■ **EXERCISE OBJECTIVE**
Transcribe all the lines below exactly. Omit the pictures.

■ **RECORDS FOR THE TASK**
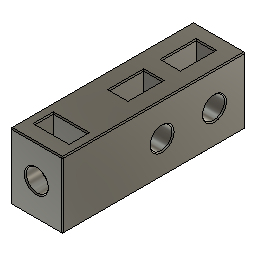
Hilfsanschlag Nutstein v3 (Autodesk Fusion 360 design; units mm, degrees)
Autodesk Fusion 360 part; units mm, degrees
sketch "Sketch1" plane through (0, 0, 0) normal (0, 1, 0) x (1, 0, 0)
  line L0 (0, 0) -> (20, 0)
  line L1 (20, 0) -> (20, -25.4)
  line L2 (20, -25.4) -> (0, -25.4)
  line L3 (0, -25.4) -> (0, 0)
  line L4 (10, -25.4) -> (10, 0) construction
  line L5 (16.5, -16.4528) -> (16.5, -8.9472)
  line L6 (16.5, -8.9472) -> (10, -5.1944)
  line L7 (10, -5.1944) -> (3.5, -8.9472)
  line L8 (3.5, -8.9472) -> (3.5, -16.4528)
  line L9 (3.5, -16.4528) -> (10, -20.2056)
  line L10 (10, -20.2056) -> (16.5, -16.4528)
  circle A0 centre (10, -12.7) radius 4.2
  line L11 (16.5, -16.4528) -> (16.5, -25.4)
  line L12 (3.5, -16.4528) -> (3.5, -25.4)
  point P0 (10, -12.7)
  dimension "d1" = 20
  dimension "d2" = 25.4
  dimension "d3" = 13
  dimension "d4" = 8.4
  constraint horizontal L0
  constraint vertical L1
  constraint horizontal L2
  constraint vertical L3
  constraint coincident L0.start L3.end
  constraint midpoint L2 L4.start
  constraint midpoint L0 L4.end
  constraint midpoint L4 P0
  constraint vertical L5
  constraint coincident P0 A0.centre
  constraint coincident L2 L11.end
  constraint perpendicular L2 L11
  constraint coincident L2 L12.end
  constraint perpendicular L2 L12
  measures "d1" distance of L1.end L2.end
  measures "d2" distance of L0.end L1.end
  measures "d3" distance of L5 L8
  measures "d4" diameter of A0
extrude "Extrude1" add sketch "Sketch1" along normal blind 70 contours L0 L1 L2 L3 L5 L6 L7 L8 L11 L12 | L2 L9 L10 L11 L12 | L5 L6 L7 L8 L9 L10 | A0
extrude "Extrude5" cut sketch "Sketch1" along normal blind 25 contours A0
extrude "Extrude2" cut sketch "Sketch1" along normal blind 7 from surface at 6 contours L2 L9 L10 L11 L12 | L5 L6 L7 L8 L9 L10
sketch "Sketch2" plane through (0, 0, 0) normal (-1, 0, 0) x (0, -1, 0)
  line L0 (0, 0) -> (0, 25.4)
  line L1 (0, 25.4) -> (-70, 25.4)
  line L2 (-70, 25.4) -> (-70, 0)
  line L3 (-70, 0) -> (0, 0)
  line L4 (-70, 12.7) -> (0, 12.7) construction
  line L5 (-58, 5.1944) -> (-51.5, 8.9472)
  line L6 (-51.5, 8.9472) -> (-51.5, 16.4528)
  line L7 (-51.5, 16.4528) -> (-58, 20.2056)
  line L8 (-58, 20.2056) -> (-64.5, 16.4528)
  line L9 (-64.5, 16.4528) -> (-64.5, 8.9472)
  line L10 (-64.5, 8.9472) -> (-58, 5.1944)
  circle A0 centre (-58, 12.7) radius 4.2
  line L11 (-64.5, 16.4528) -> (-64.5, 25.4)
  line L12 (-51.5, 16.4528) -> (-51.5, 25.4)
  circle A1 centre (-38, 12.7) radius 4.2
  line L13 (-31.5, 8.9472) -> (-31.5, 16.4528)
  line L14 (-31.5, 16.4528) -> (-38, 20.2056)
  line L15 (-38, 20.2056) -> (-44.5, 16.4528)
  line L16 (-44.5, 16.4528) -> (-44.5, 8.9472)
  line L17 (-44.5, 8.9472) -> (-38, 5.1944)
  line L18 (-38, 5.1944) -> (-31.5, 8.9472)
  line L19 (-44.5, 16.4528) -> (-44.5, 25.4)
  line L20 (-31.5, 16.4528) -> (-31.5, 25.4)
  point P0 (-58, 12.7)
  point P1 (-38, 12.7)
  dimension "d11" = 12
  dimension "d12" = 13
  dimension "d13" = 8.4
  dimension "d20" = 20
  constraint midpoint L2 L4.start
  constraint midpoint L0 L4.end
  constraint coincident L4 P0
  constraint vertical L6
  constraint coincident P0 A0.centre
  constraint coincident L1 L11.end
  constraint perpendicular L1 L11
  constraint coincident L1 L12.end
  constraint perpendicular L1 L12
  constraint coincident L4 P1
  constraint coincident P1 A1.centre
  constraint vertical L13
  constraint equal A0 A1
  constraint equal L7 L15
  constraint coincident L1 L19.end
  constraint perpendicular L1 L19
  constraint coincident L1 L20.end
  constraint perpendicular L1 L20
  measures "d11" distance of L4.start P0
  measures "d12" distance of L6 L9
  measures "d13" diameter of A0
  measures "d20" distance of P0 P1
extrude "Extrude3" cut sketch "Sketch2" against normal blind 24 contours A0 | A1
extrude "Extrude4" cut sketch "Sketch2" against normal blind 7 from surface at -6.5 contours L1 L14 L15 L19 L20 | L13 L14 L15 L16 L17 L18 | L1 L7 L8 L11 L12 | L5 L6 L7 L8 L9 L10
chamfer "Chamfer1" distance 0.4 angle 45 29 edges at (0, 70, 12.7) (20, 70, 12.7) (20, 0, 12.7) (0, 0, 12.7) (0, 35, 0) (0, 35, 25.4) (10, 0, 0) (10, 0, 25.4) (20, 35, 25.4) (10, 70, 25.4) (10, 64.5, 25.4) (6.5, 58, 25.4) (13.5, 58, 25.4) (10, 51.5, 25.4) (10, 13, 25.4) (16.5, 9.5, 25.4) (10, 6, 25.4) (3.5, 9.5, 25.4) (0, 61.9158, 14.2188) (10, 70, 0) (20, 61.9158, 11.1812) (20, 35, 0) (10, 44.5, 25.4) (13.5, 38, 25.4) (10, 31.5, 25.4) (6.5, 38, 25.4) (20, 41.9158, 11.1812) (6.0842, 0, 14.2188) (0, 41.9158, 14.2188)

■ **ANSWER BOX**
Hilfsanschlag Nutstein v3 (Autodesk Fusion 360 design; units mm, degrees)
Autodesk Fusion 360 part; units mm, degrees
sketch "Sketch1" plane through (0, 0, 0) normal (0, 1, 0) x (1, 0, 0)
  line L0 (0, 0) -> (20, 0)
  line L1 (20, 0) -> (20, -25.4)
  line L2 (20, -25.4) -> (0, -25.4)
  line L3 (0, -25.4) -> (0, 0)
  line L4 (10, -25.4) -> (10, 0) construction
  line L5 (16.5, -16.4528) -> (16.5, -8.9472)
  line L6 (16.5, -8.9472) -> (10, -5.1944)
  line L7 (10, -5.1944) -> (3.5, -8.9472)
  line L8 (3.5, -8.9472) -> (3.5, -16.4528)
  line L9 (3.5, -16.4528) -> (10, -20.2056)
  line L10 (10, -20.2056) -> (16.5, -16.4528)
  circle A0 centre (10, -12.7) radius 4.2
  line L11 (16.5, -16.4528) -> (16.5, -25.4)
  line L12 (3.5, -16.4528) -> (3.5, -25.4)
  point P0 (10, -12.7)
  dimension "d1" = 20
  dimension "d2" = 25.4
  dimension "d3" = 13
  dimension "d4" = 8.4
  constraint horizontal L0
  constraint vertical L1
  constraint horizontal L2
  constraint vertical L3
  constraint coincident L0.start L3.end
  constraint midpoint L2 L4.start
  constraint midpoint L0 L4.end
  constraint midpoint L4 P0
  constraint vertical L5
  constraint coincident P0 A0.centre
  constraint coincident L2 L11.end
  constraint perpendicular L2 L11
  constraint coincident L2 L12.end
  constraint perpendicular L2 L12
  measures "d1" distance of L1.end L2.end
  measures "d2" distance of L0.end L1.end
  measures "d3" distance of L5 L8
  measures "d4" diameter of A0
extrude "Extrude1" add sketch "Sketch1" along normal blind 70 contours L0 L1 L2 L3 L5 L6 L7 L8 L11 L12 | L2 L9 L10 L11 L12 | L5 L6 L7 L8 L9 L10 | A0
extrude "Extrude5" cut sketch "Sketch1" along normal blind 25 contours A0
extrude "Extrude2" cut sketch "Sketch1" along normal blind 7 from surface at 6 contours L2 L9 L10 L11 L12 | L5 L6 L7 L8 L9 L10
sketch "Sketch2" plane through (0, 0, 0) normal (-1, 0, 0) x (0, -1, 0)
  line L0 (0, 0) -> (0, 25.4)
  line L1 (0, 25.4) -> (-70, 25.4)
  line L2 (-70, 25.4) -> (-70, 0)
  line L3 (-70, 0) -> (0, 0)
  line L4 (-70, 12.7) -> (0, 12.7) construction
  line L5 (-58, 5.1944) -> (-51.5, 8.9472)
  line L6 (-51.5, 8.9472) -> (-51.5, 16.4528)
  line L7 (-51.5, 16.4528) -> (-58, 20.2056)
  line L8 (-58, 20.2056) -> (-64.5, 16.4528)
  line L9 (-64.5, 16.4528) -> (-64.5, 8.9472)
  line L10 (-64.5, 8.9472) -> (-58, 5.1944)
  circle A0 centre (-58, 12.7) radius 4.2
  line L11 (-64.5, 16.4528) -> (-64.5, 25.4)
  line L12 (-51.5, 16.4528) -> (-51.5, 25.4)
  circle A1 centre (-38, 12.7) radius 4.2
  line L13 (-31.5, 8.9472) -> (-31.5, 16.4528)
  line L14 (-31.5, 16.4528) -> (-38, 20.2056)
  line L15 (-38, 20.2056) -> (-44.5, 16.4528)
  line L16 (-44.5, 16.4528) -> (-44.5, 8.9472)
  line L17 (-44.5, 8.9472) -> (-38, 5.1944)
  line L18 (-38, 5.1944) -> (-31.5, 8.9472)
  line L19 (-44.5, 16.4528) -> (-44.5, 25.4)
  line L20 (-31.5, 16.4528) -> (-31.5, 25.4)
  point P0 (-58, 12.7)
  point P1 (-38, 12.7)
  dimension "d11" = 12
  dimension "d12" = 13
  dimension "d13" = 8.4
  dimension "d20" = 20
  constraint midpoint L2 L4.start
  constraint midpoint L0 L4.end
  constraint coincident L4 P0
  constraint vertical L6
  constraint coincident P0 A0.centre
  constraint coincident L1 L11.end
  constraint perpendicular L1 L11
  constraint coincident L1 L12.end
  constraint perpendicular L1 L12
  constraint coincident L4 P1
  constraint coincident P1 A1.centre
  constraint vertical L13
  constraint equal A0 A1
  constraint equal L7 L15
  constraint coincident L1 L19.end
  constraint perpendicular L1 L19
  constraint coincident L1 L20.end
  constraint perpendicular L1 L20
  measures "d11" distance of L4.start P0
  measures "d12" distance of L6 L9
  measures "d13" diameter of A0
  measures "d20" distance of P0 P1
extrude "Extrude3" cut sketch "Sketch2" against normal blind 24 contours A0 | A1
extrude "Extrude4" cut sketch "Sketch2" against normal blind 7 from surface at -6.5 contours L1 L14 L15 L19 L20 | L13 L14 L15 L16 L17 L18 | L1 L7 L8 L11 L12 | L5 L6 L7 L8 L9 L10
chamfer "Chamfer1" distance 0.4 angle 45 29 edges at (0, 70, 12.7) (20, 70, 12.7) (20, 0, 12.7) (0, 0, 12.7) (0, 35, 0) (0, 35, 25.4) (10, 0, 0) (10, 0, 25.4) (20, 35, 25.4) (10, 70, 25.4) (10, 64.5, 25.4) (6.5, 58, 25.4) (13.5, 58, 25.4) (10, 51.5, 25.4) (10, 13, 25.4) (16.5, 9.5, 25.4) (10, 6, 25.4) (3.5, 9.5, 25.4) (0, 61.9158, 14.2188) (10, 70, 0) (20, 61.9158, 11.1812) (20, 35, 0) (10, 44.5, 25.4) (13.5, 38, 25.4) (10, 31.5, 25.4) (6.5, 38, 25.4) (20, 41.9158, 11.1812) (6.0842, 0, 14.2188) (0, 41.9158, 14.2188)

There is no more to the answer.